Y, como si la escena no fuera ya digna de un exorcismo, su aventura bajo tierra no había hecho más que empezar.
La resurrección no siempre es milagrosa
Los resurrectionists —también llamados “rescatadores nocturnos” o, con menos poesía, “ladrones de tumbas”— eran figuras tan imprescindibles para la ciencia como insoportables para la moral pública. Para los anatomistas, auténticos héroes del suministro. Para el resto, carroñeros que hacían horas extra en el camposanto.
Dos de estos caballeros del subsuelo fueron los encargados de desenterrar a John Macintire, sin sospechar que no estaban levantando un cadáver, sino el preludio del susto más monumental de sus vidas.
Trasladado al anfiteatro anatómico, el cuerpo de John fue recibido con el entusiasmo propio de una clase práctica. Médicos y estudiantes se arremolinaron en torno al “recién llegado”, y uno de ellos, lleno de confianza y vanidad profesional, le hundió el bisturí en el pecho.
Y fue entonces, amigos, cuando el supuesto difunto decidió que ya estaba bien de fingir. Una sacudida violenta, un coro de gritos, bisturís al suelo y batas huyendo como si el infierno se hubiese abierto bajo la mesa. El trance había terminado; la disección, cancelada por intervención divina.
¿Qué le pasó realmente?
Aunque la historia tiene más aroma de leyenda clínica que de caso documentado, figura en The Diary of a Resurrectionist, un libro publicado en 1896 por James Blake Bailey. Presentado como si fueran las propias memorias de Macintire, el relato describe con una angustia casi táctil la experiencia de estar muerto sin estarlo… y de despertar justo cuando te están abriendo el pecho.

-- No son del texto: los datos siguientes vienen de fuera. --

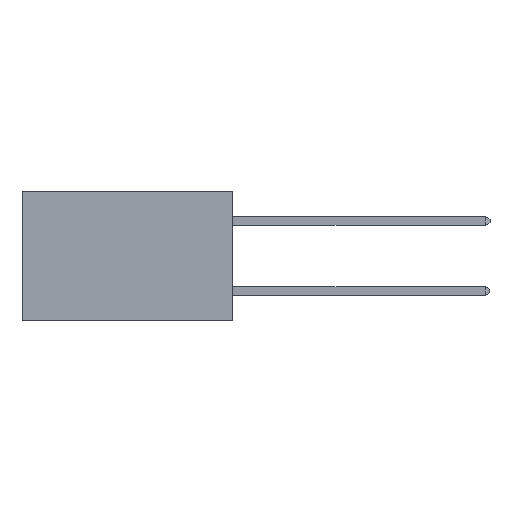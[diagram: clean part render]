
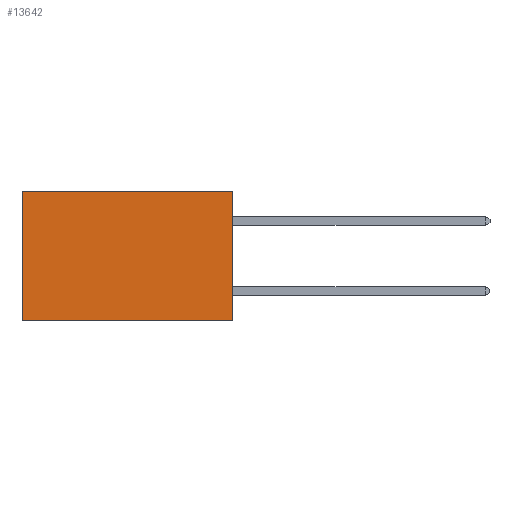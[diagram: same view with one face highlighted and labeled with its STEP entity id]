
A CAD part, left-side view. The second image highlights one B-rep face of the part: STEP entity #13642.
In plain terms, the highlighted planar face has unit normal (-1, 0, 0).
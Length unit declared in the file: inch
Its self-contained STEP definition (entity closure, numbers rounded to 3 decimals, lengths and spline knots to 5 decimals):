
#739 = DIRECTION ( 'NONE',  ( 0., 0., -1. ) ) ;
#1128 = CARTESIAN_POINT ( 'NONE',  ( 0.2875, 0., -0.37 ) ) ;
#1402 = CARTESIAN_POINT ( 'NONE',  ( 0.2875, 0., -0.37 ) ) ;
#1452 = LINE ( 'NONE', #13048, #10757 ) ;
#2772 = VECTOR ( 'NONE', #3634, 39.37008 ) ;
#3400 = LINE ( 'NONE', #5995, #9845 ) ;
#3634 = DIRECTION ( 'NONE',  ( 0., 0., -1. ) ) ;
#3768 = VERTEX_POINT ( 'NONE', #9123 ) ;
#4109 = CARTESIAN_POINT ( 'NONE',  ( 0.2875, 0.6, 0. ) ) ;
#4345 = ORIENTED_EDGE ( 'NONE', *, *, #6291, .F. ) ;
#4812 = CARTESIAN_POINT ( 'NONE',  ( 0.2875, 0.6, 0. ) ) ;
#5018 = AXIS2_PLACEMENT_3D ( 'NONE', #11642, #8019, #739 ) ;
#5995 = CARTESIAN_POINT ( 'NONE',  ( 0.2875, 0., 0. ) ) ;
#6041 = CARTESIAN_POINT ( 'NONE',  ( 0.2875, 0., 0. ) ) ;
#6126 = ORIENTED_EDGE ( 'NONE', *, *, #6837, .F. ) ;
#6291 = EDGE_CURVE ( 'NONE', #11922, #3768, #11421, .T. ) ;
#6769 = PLANE ( 'NONE',  #5018 ) ;
#6837 = EDGE_CURVE ( 'NONE', #9900, #11922, #3400, .T. ) ;
#6964 = DIRECTION ( 'NONE',  ( 0., 1., 0. ) ) ;
#7219 = DIRECTION ( 'NONE',  ( 0., 0., -1. ) ) ;
#8019 = DIRECTION ( 'NONE',  ( 1., 0., 0. ) ) ;
#8535 = EDGE_CURVE ( 'NONE', #8795, #3768, #9990, .T. ) ;
#8795 = VERTEX_POINT ( 'NONE', #4109 ) ;
#9123 = CARTESIAN_POINT ( 'NONE',  ( 0.2875, 0.6, -0.37 ) ) ;
#9845 = VECTOR ( 'NONE', #7219, 39.37008 ) ;
#9900 = VERTEX_POINT ( 'NONE', #6041 ) ;
#9951 = FACE_OUTER_BOUND ( 'NONE', #13997, .T. ) ;
#9990 = LINE ( 'NONE', #4812, #2772 ) ;
#10757 = VECTOR ( 'NONE', #6964, 39.37008 ) ;
#11421 = LINE ( 'NONE', #1402, #14135 ) ;
#11642 = CARTESIAN_POINT ( 'NONE',  ( 0.2875, 0., 0. ) ) ;
#11922 = VERTEX_POINT ( 'NONE', #1128 ) ;
#12333 = DIRECTION ( 'NONE',  ( 0., 1., 0. ) ) ;
#12407 = EDGE_CURVE ( 'NONE', #9900, #8795, #1452, .T. ) ;
#12904 = ORIENTED_EDGE ( 'NONE', *, *, #8535, .T. ) ;
#13048 = CARTESIAN_POINT ( 'NONE',  ( 0.2875, 0., 0. ) ) ;
#13642 = ADVANCED_FACE ( 'NONE', ( #9951 ), #6769, .F. ) ;
#13997 = EDGE_LOOP ( 'NONE', ( #12904, #4345, #6126, #15458 ) ) ;
#14135 = VECTOR ( 'NONE', #12333, 39.37008 ) ;
#15458 = ORIENTED_EDGE ( 'NONE', *, *, #12407, .T. ) ;
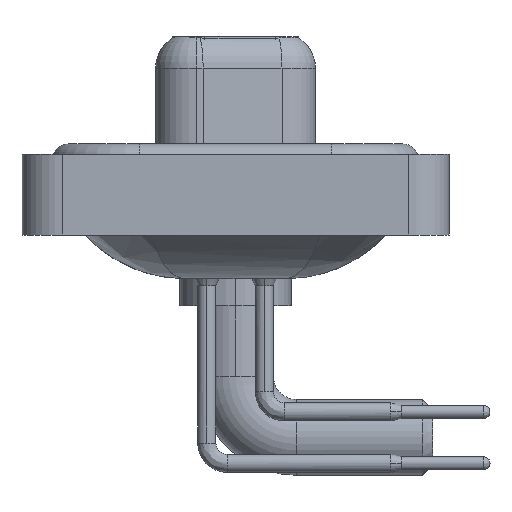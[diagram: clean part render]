
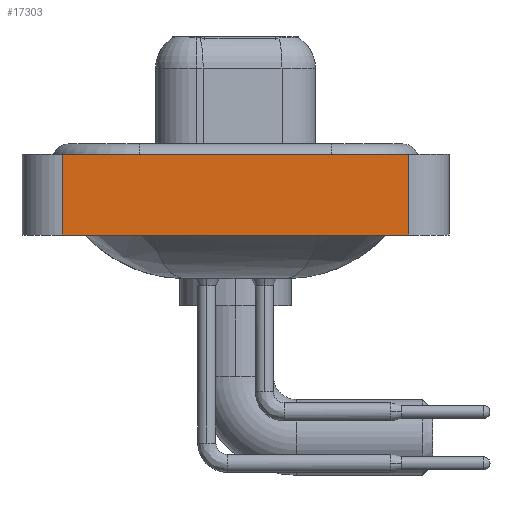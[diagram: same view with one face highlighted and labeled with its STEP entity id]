
A CAD part, left-side view. The second image highlights one B-rep face of the part: STEP entity #17303.
In plain terms, the highlighted planar face has unit normal (-1, 0, 0).
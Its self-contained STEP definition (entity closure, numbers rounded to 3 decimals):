
#369 = LINE ( 'NONE', #6576, #13857 ) ;
#448 = CARTESIAN_POINT ( 'NONE',  ( -7.25, -8.55, -3.6 ) ) ;
#738 = EDGE_CURVE ( 'NONE', #10040, #13628, #8971, .T. ) ;
#1252 = VECTOR ( 'NONE', #12082, 1000. ) ;
#1369 = LINE ( 'NONE', #7503, #9692 ) ;
#3127 = ORIENTED_EDGE ( 'NONE', *, *, #18296, .T. ) ;
#4682 = AXIS2_PLACEMENT_3D ( 'NONE', #14744, #17789, #12762 ) ;
#4724 = EDGE_CURVE ( 'NONE', #10040, #13319, #7916, .T. ) ;
#4978 = DIRECTION ( 'NONE',  ( 0., 0., 1. ) ) ;
#6416 = CARTESIAN_POINT ( 'NONE',  ( -7.25, -8.55, -3.6 ) ) ;
#6576 = CARTESIAN_POINT ( 'NONE',  ( -7.25, -8.55, -3.6 ) ) ;
#7503 = CARTESIAN_POINT ( 'NONE',  ( -7.25, -8.55, 0.4 ) ) ;
#7916 = LINE ( 'NONE', #6416, #14797 ) ;
#8251 = FACE_OUTER_BOUND ( 'NONE', #17119, .T. ) ;
#8971 = LINE ( 'NONE', #10572, #1252 ) ;
#9507 = CARTESIAN_POINT ( 'NONE',  ( -7.25, -8.55, 0.4 ) ) ;
#9692 = VECTOR ( 'NONE', #15494, 1000. ) ;
#10040 = VERTEX_POINT ( 'NONE', #15729 ) ;
#10572 = CARTESIAN_POINT ( 'NONE',  ( -7.25, 8.55, -3.6 ) ) ;
#12082 = DIRECTION ( 'NONE',  ( 0., 0., 1. ) ) ;
#12430 = VERTEX_POINT ( 'NONE', #9507 ) ;
#12489 = ORIENTED_EDGE ( 'NONE', *, *, #738, .F. ) ;
#12525 = DIRECTION ( 'NONE',  ( 0., -1., 0. ) ) ;
#12762 = DIRECTION ( 'NONE',  ( 0., 0., 1. ) ) ;
#13319 = VERTEX_POINT ( 'NONE', #448 ) ;
#13628 = VERTEX_POINT ( 'NONE', #16884 ) ;
#13857 = VECTOR ( 'NONE', #4978, 1000. ) ;
#14744 = CARTESIAN_POINT ( 'NONE',  ( -7.25, -8.55, -3.6 ) ) ;
#14797 = VECTOR ( 'NONE', #12525, 1000. ) ;
#15494 = DIRECTION ( 'NONE',  ( 0., -1., 0. ) ) ;
#15729 = CARTESIAN_POINT ( 'NONE',  ( -7.25, 8.55, -3.6 ) ) ;
#16155 = PLANE ( 'NONE',  #4682 ) ;
#16654 = ORIENTED_EDGE ( 'NONE', *, *, #18254, .F. ) ;
#16884 = CARTESIAN_POINT ( 'NONE',  ( -7.25, 8.55, 0.4 ) ) ;
#17119 = EDGE_LOOP ( 'NONE', ( #3127, #16654, #12489, #17450 ) ) ;
#17303 = ADVANCED_FACE ( 'NONE', ( #8251 ), #16155, .T. ) ;
#17450 = ORIENTED_EDGE ( 'NONE', *, *, #4724, .T. ) ;
#17789 = DIRECTION ( 'NONE',  ( -1., 0., 0. ) ) ;
#18254 = EDGE_CURVE ( 'NONE', #13628, #12430, #1369, .T. ) ;
#18296 = EDGE_CURVE ( 'NONE', #13319, #12430, #369, .T. ) ;
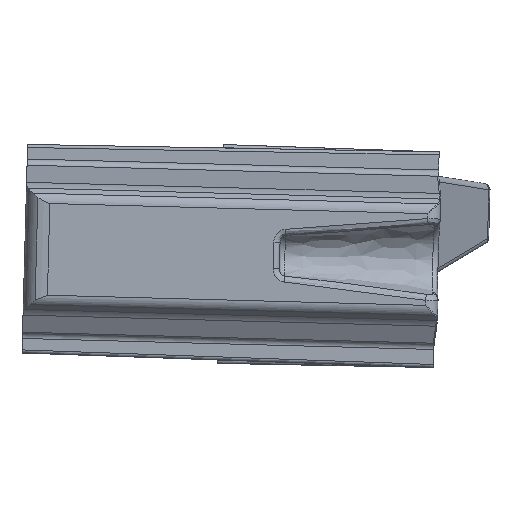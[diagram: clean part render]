
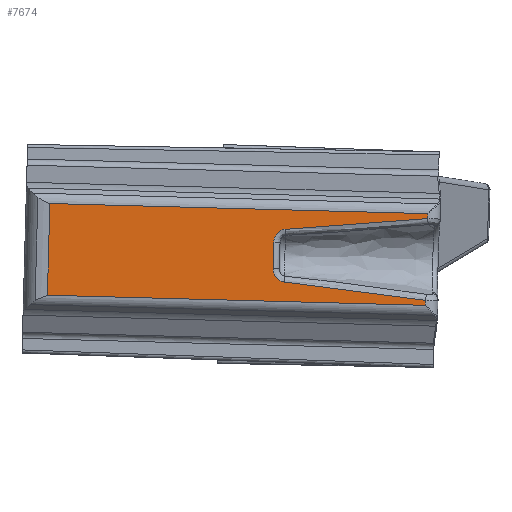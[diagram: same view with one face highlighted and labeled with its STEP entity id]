
A CAD part, front view. The second image highlights one B-rep face of the part: STEP entity #7674.
In plain terms, the highlighted face is planar.
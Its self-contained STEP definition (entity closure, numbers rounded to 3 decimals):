
#53 = AXIS2_PLACEMENT_3D ( 'NONE', #3073, #4262, #3666 ) ;
#123 = CARTESIAN_POINT ( 'NONE',  ( -28.946, -2.116, 20.868 ) ) ;
#151 = LINE ( 'NONE', #624, #7688 ) ;
#190 = EDGE_LOOP ( 'NONE', ( #1276, #317, #2804, #6098, #7522, #4840, #264, #3344, #7921, #1687 ) ) ;
#264 = ORIENTED_EDGE ( 'NONE', *, *, #1075, .F. ) ;
#317 = ORIENTED_EDGE ( 'NONE', *, *, #8018, .T. ) ;
#369 = CARTESIAN_POINT ( 'NONE',  ( -28.946, 2.474, 24.664 ) ) ;
#372 = EDGE_CURVE ( 'NONE', #7064, #5729, #2349, .T. ) ;
#386 = VECTOR ( 'NONE', #6778, 1000. ) ;
#516 = FACE_OUTER_BOUND ( 'NONE', #190, .T. ) ;
#584 = EDGE_CURVE ( 'NONE', #2880, #1713, #7798, .T. ) ;
#624 = CARTESIAN_POINT ( 'NONE',  ( -28.946, 6.7, 1.911 ) ) ;
#727 = CARTESIAN_POINT ( 'NONE',  ( -28.946, 2.066, 20.614 ) ) ;
#852 = B_SPLINE_CURVE_WITH_KNOTS ( 'NONE', 3,
 ( #5077, #7662, #727, #1973, #8246, #6466, #2575, #7741, #3837, #6956 ),
 .UNSPECIFIED., .F., .F.,
 ( 4, 2, 2, 2, 4 ),
 ( 0., 0., 0.001, 0.001, 0.002 ),
 .UNSPECIFIED. ) ;
#923 = EDGE_CURVE ( 'NONE', #4388, #3583, #3694, .T. ) ;
#995 = CARTESIAN_POINT ( 'NONE',  ( -28.946, 1.649, 19.954 ) ) ;
#1075 = EDGE_CURVE ( 'NONE', #1752, #5729, #852, .T. ) ;
#1168 = CARTESIAN_POINT ( 'NONE',  ( -28.946, -2.474, 24.664 ) ) ;
#1276 = ORIENTED_EDGE ( 'NONE', *, *, #5273, .T. ) ;
#1298 = LINE ( 'NONE', #4552, #4069 ) ;
#1353 = CARTESIAN_POINT ( 'NONE',  ( -28.946, 2.116, 20.868 ) ) ;
#1513 = CARTESIAN_POINT ( 'NONE',  ( -28.946, 3.281, 32.245 ) ) ;
#1634 = VECTOR ( 'NONE', #4228, 1000. ) ;
#1660 = CARTESIAN_POINT ( 'NONE',  ( -28.946, -2.104, 20.739 ) ) ;
#1687 = ORIENTED_EDGE ( 'NONE', *, *, #5874, .T. ) ;
#1713 = VERTEX_POINT ( 'NONE', #1513 ) ;
#1752 = VERTEX_POINT ( 'NONE', #1353 ) ;
#1973 = CARTESIAN_POINT ( 'NONE',  ( -28.946, 1.943, 20.385 ) ) ;
#2016 = DIRECTION ( 'NONE',  ( 0., 0., 1. ) ) ;
#2296 = CARTESIAN_POINT ( 'NONE',  ( -28.946, -1.304, 19.974 ) ) ;
#2297 = CARTESIAN_POINT ( 'NONE',  ( -28.946, 2.562, 25.613 ) ) ;
#2349 = LINE ( 'NONE', #995, #386 ) ;
#2407 = LINE ( 'NONE', #7696, #1634 ) ;
#2426 = CARTESIAN_POINT ( 'NONE',  ( -28.946, 2.207, 21.817 ) ) ;
#2436 = CARTESIAN_POINT ( 'NONE',  ( -28.946, -3.281, 32.245 ) ) ;
#2481 = EDGE_CURVE ( 'NONE', #1752, #1713, #5701, .T. ) ;
#2484 = CARTESIAN_POINT ( 'NONE',  ( -28.946, -2.562, 25.613 ) ) ;
#2539 = VECTOR ( 'NONE', #8308, 1000. ) ;
#2554 = DIRECTION ( 'NONE',  ( 0., -1., 0. ) ) ;
#2575 = CARTESIAN_POINT ( 'NONE',  ( -28.946, 1.548, 20.057 ) ) ;
#2804 = ORIENTED_EDGE ( 'NONE', *, *, #923, .F. ) ;
#2834 = VERTEX_POINT ( 'NONE', #4521 ) ;
#2880 = VERTEX_POINT ( 'NONE', #5485 ) ;
#2920 = CARTESIAN_POINT ( 'NONE',  ( -28.946, -3.679, 32.245 ) ) ;
#2972 = CARTESIAN_POINT ( 'NONE',  ( -28.946, 3.281, 32.245 ) ) ;
#2987 = EDGE_CURVE ( 'NONE', #4388, #3688, #3764, .T. ) ;
#3073 = CARTESIAN_POINT ( 'NONE',  ( -28.946, 6.7, 32.245 ) ) ;
#3110 = CARTESIAN_POINT ( 'NONE',  ( -28.946, -2.116, 20.868 ) ) ;
#3312 = CARTESIAN_POINT ( 'NONE',  ( -28.946, -3.679, 1.911 ) ) ;
#3324 = CARTESIAN_POINT ( 'NONE',  ( -28.946, -2.066, 20.614 ) ) ;
#3342 = VERTEX_POINT ( 'NONE', #3312 ) ;
#3344 = ORIENTED_EDGE ( 'NONE', *, *, #2481, .T. ) ;
#3583 = VERTEX_POINT ( 'NONE', #2920 ) ;
#3606 = VECTOR ( 'NONE', #7759, 1000. ) ;
#3666 = DIRECTION ( 'NONE',  ( 0., 0., -1. ) ) ;
#3688 = VERTEX_POINT ( 'NONE', #4562 ) ;
#3694 = LINE ( 'NONE', #6979, #2539 ) ;
#3700 = CARTESIAN_POINT ( 'NONE',  ( -28.946, -2.43, 24.189 ) ) ;
#3764 = B_SPLINE_CURVE_WITH_KNOTS ( 'NONE', 3,
 ( #2436, #7570, #4420, #6208, #2484, #1168, #3700, #4939, #7610, #3110 ),
 .UNSPECIFIED., .F., .F.,
 ( 4, 2, 2, 2, 4 ),
 ( 0., 0.006, 0.007, 0.009, 0.011 ),
 .UNSPECIFIED. ) ;
#3837 = CARTESIAN_POINT ( 'NONE',  ( -28.946, 1.175, 19.954 ) ) ;
#4069 = VECTOR ( 'NONE', #2016, 1000. ) ;
#4228 = DIRECTION ( 'NONE',  ( 0., 0., -1. ) ) ;
#4262 = DIRECTION ( 'NONE',  ( 1., 0., 0. ) ) ;
#4324 = CARTESIAN_POINT ( 'NONE',  ( -28.946, 2.43, 24.189 ) ) ;
#4388 = VERTEX_POINT ( 'NONE', #6531 ) ;
#4420 = CARTESIAN_POINT ( 'NONE',  ( -28.946, -2.859, 28.456 ) ) ;
#4521 = CARTESIAN_POINT ( 'NONE',  ( -28.946, 3.679, 1.911 ) ) ;
#4530 = CARTESIAN_POINT ( 'NONE',  ( -28.946, 6.7, 32.245 ) ) ;
#4552 = CARTESIAN_POINT ( 'NONE',  ( -28.946, -3.679, 32.245 ) ) ;
#4562 = CARTESIAN_POINT ( 'NONE',  ( -28.946, -2.116, 20.868 ) ) ;
#4589 = CARTESIAN_POINT ( 'NONE',  ( -28.946, -1.044, 19.954 ) ) ;
#4633 = CARTESIAN_POINT ( 'NONE',  ( -28.946, -1.662, 20.121 ) ) ;
#4719 = CARTESIAN_POINT ( 'NONE',  ( -28.946, -1.044, 19.954 ) ) ;
#4840 = ORIENTED_EDGE ( 'NONE', *, *, #372, .T. ) ;
#4885 = CARTESIAN_POINT ( 'NONE',  ( -28.946, -1.174, 19.954 ) ) ;
#4939 = CARTESIAN_POINT ( 'NONE',  ( -28.946, -2.297, 22.766 ) ) ;
#5077 = CARTESIAN_POINT ( 'NONE',  ( -28.946, 2.116, 20.868 ) ) ;
#5273 = EDGE_CURVE ( 'NONE', #2834, #3342, #151, .T. ) ;
#5485 = CARTESIAN_POINT ( 'NONE',  ( -28.946, 3.679, 32.245 ) ) ;
#5515 = CARTESIAN_POINT ( 'NONE',  ( -28.946, -1.86, 20.285 ) ) ;
#5561 = CARTESIAN_POINT ( 'NONE',  ( -28.946, 2.297, 22.766 ) ) ;
#5701 = B_SPLINE_CURVE_WITH_KNOTS ( 'NONE', 3,
 ( #6159, #2426, #5561, #4324, #369, #2297, #6894, #7436, #8183, #2972 ),
 .UNSPECIFIED., .F., .F.,
 ( 4, 2, 2, 2, 4 ),
 ( 0., 0.003, 0.004, 0.006, 0.011 ),
 .UNSPECIFIED. ) ;
#5729 = VERTEX_POINT ( 'NONE', #8002 ) ;
#5874 = EDGE_CURVE ( 'NONE', #2880, #2834, #2407, .T. ) ;
#6098 = ORIENTED_EDGE ( 'NONE', *, *, #2987, .T. ) ;
#6159 = CARTESIAN_POINT ( 'NONE',  ( -28.946, 2.116, 20.868 ) ) ;
#6208 = CARTESIAN_POINT ( 'NONE',  ( -28.946, -2.611, 26.087 ) ) ;
#6466 = CARTESIAN_POINT ( 'NONE',  ( -28.946, 1.66, 20.119 ) ) ;
#6531 = CARTESIAN_POINT ( 'NONE',  ( -28.946, -3.281, 32.245 ) ) ;
#6662 = CARTESIAN_POINT ( 'NONE',  ( -28.946, -1.547, 20.057 ) ) ;
#6778 = DIRECTION ( 'NONE',  ( 0., 1., 0. ) ) ;
#6894 = CARTESIAN_POINT ( 'NONE',  ( -28.946, 2.611, 26.087 ) ) ;
#6956 = CARTESIAN_POINT ( 'NONE',  ( -28.946, 1.044, 19.954 ) ) ;
#6979 = CARTESIAN_POINT ( 'NONE',  ( -28.946, 6.7, 32.245 ) ) ;
#7064 = VERTEX_POINT ( 'NONE', #4589 ) ;
#7110 = B_SPLINE_CURVE_WITH_KNOTS ( 'NONE', 3,
 ( #4719, #4885, #2296, #6662, #4633, #5515, #7435, #3324, #1660, #123 ),
 .UNSPECIFIED., .F., .F.,
 ( 4, 2, 2, 2, 4 ),
 ( 0., 0., 0.001, 0.001, 0.002 ),
 .UNSPECIFIED. ) ;
#7199 = EDGE_CURVE ( 'NONE', #7064, #3688, #7110, .T. ) ;
#7435 = CARTESIAN_POINT ( 'NONE',  ( -28.946, -1.944, 20.387 ) ) ;
#7436 = CARTESIAN_POINT ( 'NONE',  ( -28.946, 2.859, 28.456 ) ) ;
#7454 = PLANE ( 'NONE',  #53 ) ;
#7522 = ORIENTED_EDGE ( 'NONE', *, *, #7199, .F. ) ;
#7570 = CARTESIAN_POINT ( 'NONE',  ( -28.946, -3.07, 30.351 ) ) ;
#7610 = CARTESIAN_POINT ( 'NONE',  ( -28.946, -2.207, 21.817 ) ) ;
#7662 = CARTESIAN_POINT ( 'NONE',  ( -28.946, 2.104, 20.738 ) ) ;
#7674 = ADVANCED_FACE ( 'NONE', ( #516 ), #7454, .F. ) ;
#7688 = VECTOR ( 'NONE', #2554, 1000. ) ;
#7696 = CARTESIAN_POINT ( 'NONE',  ( -28.946, 3.679, 32.245 ) ) ;
#7741 = CARTESIAN_POINT ( 'NONE',  ( -28.946, 1.301, 19.973 ) ) ;
#7759 = DIRECTION ( 'NONE',  ( 0., -1., 0. ) ) ;
#7798 = LINE ( 'NONE', #4530, #3606 ) ;
#7921 = ORIENTED_EDGE ( 'NONE', *, *, #584, .F. ) ;
#8002 = CARTESIAN_POINT ( 'NONE',  ( -28.946, 1.044, 19.954 ) ) ;
#8018 = EDGE_CURVE ( 'NONE', #3342, #3583, #1298, .T. ) ;
#8183 = CARTESIAN_POINT ( 'NONE',  ( -28.946, 3.07, 30.351 ) ) ;
#8246 = CARTESIAN_POINT ( 'NONE',  ( -28.946, 1.86, 20.285 ) ) ;
#8308 = DIRECTION ( 'NONE',  ( 0., -1., 0. ) ) ;

Desde el punto de vista médico, lo más probable es que Macintire padeciera un episodio de catalepsia, un trastorno neurológico rarísimo que provoca una parálisis total —fría, rígida y aparentemente definitiva— pero sin pérdida de consciencia. En resumen: un cuerpo inerte, una mente despierta y una pesadilla sin escapatoria. El infierno más íntimo imaginable: estar atrapado dentro de ti mismo.
Ataúdes con Wi-Fi (o casi): la evolución del miedo
La historia de John Macintire no fue un caso aislado, aunque pocas alcanzaron su nivel de drama y teatralidad. El pánico colectivo a ser enterrado vivo dio pie a una fiebre inventiva que desembocó en los llamados safety coffins o “ataúdes de seguridad”. Verdaderos gadgets funerarios equipados con campanillas, tubos de ventilación, trampillas secretas e incluso banderines que se alzaban cual desfile macabro si el “difunto” tiraba de la cuerda adecuada.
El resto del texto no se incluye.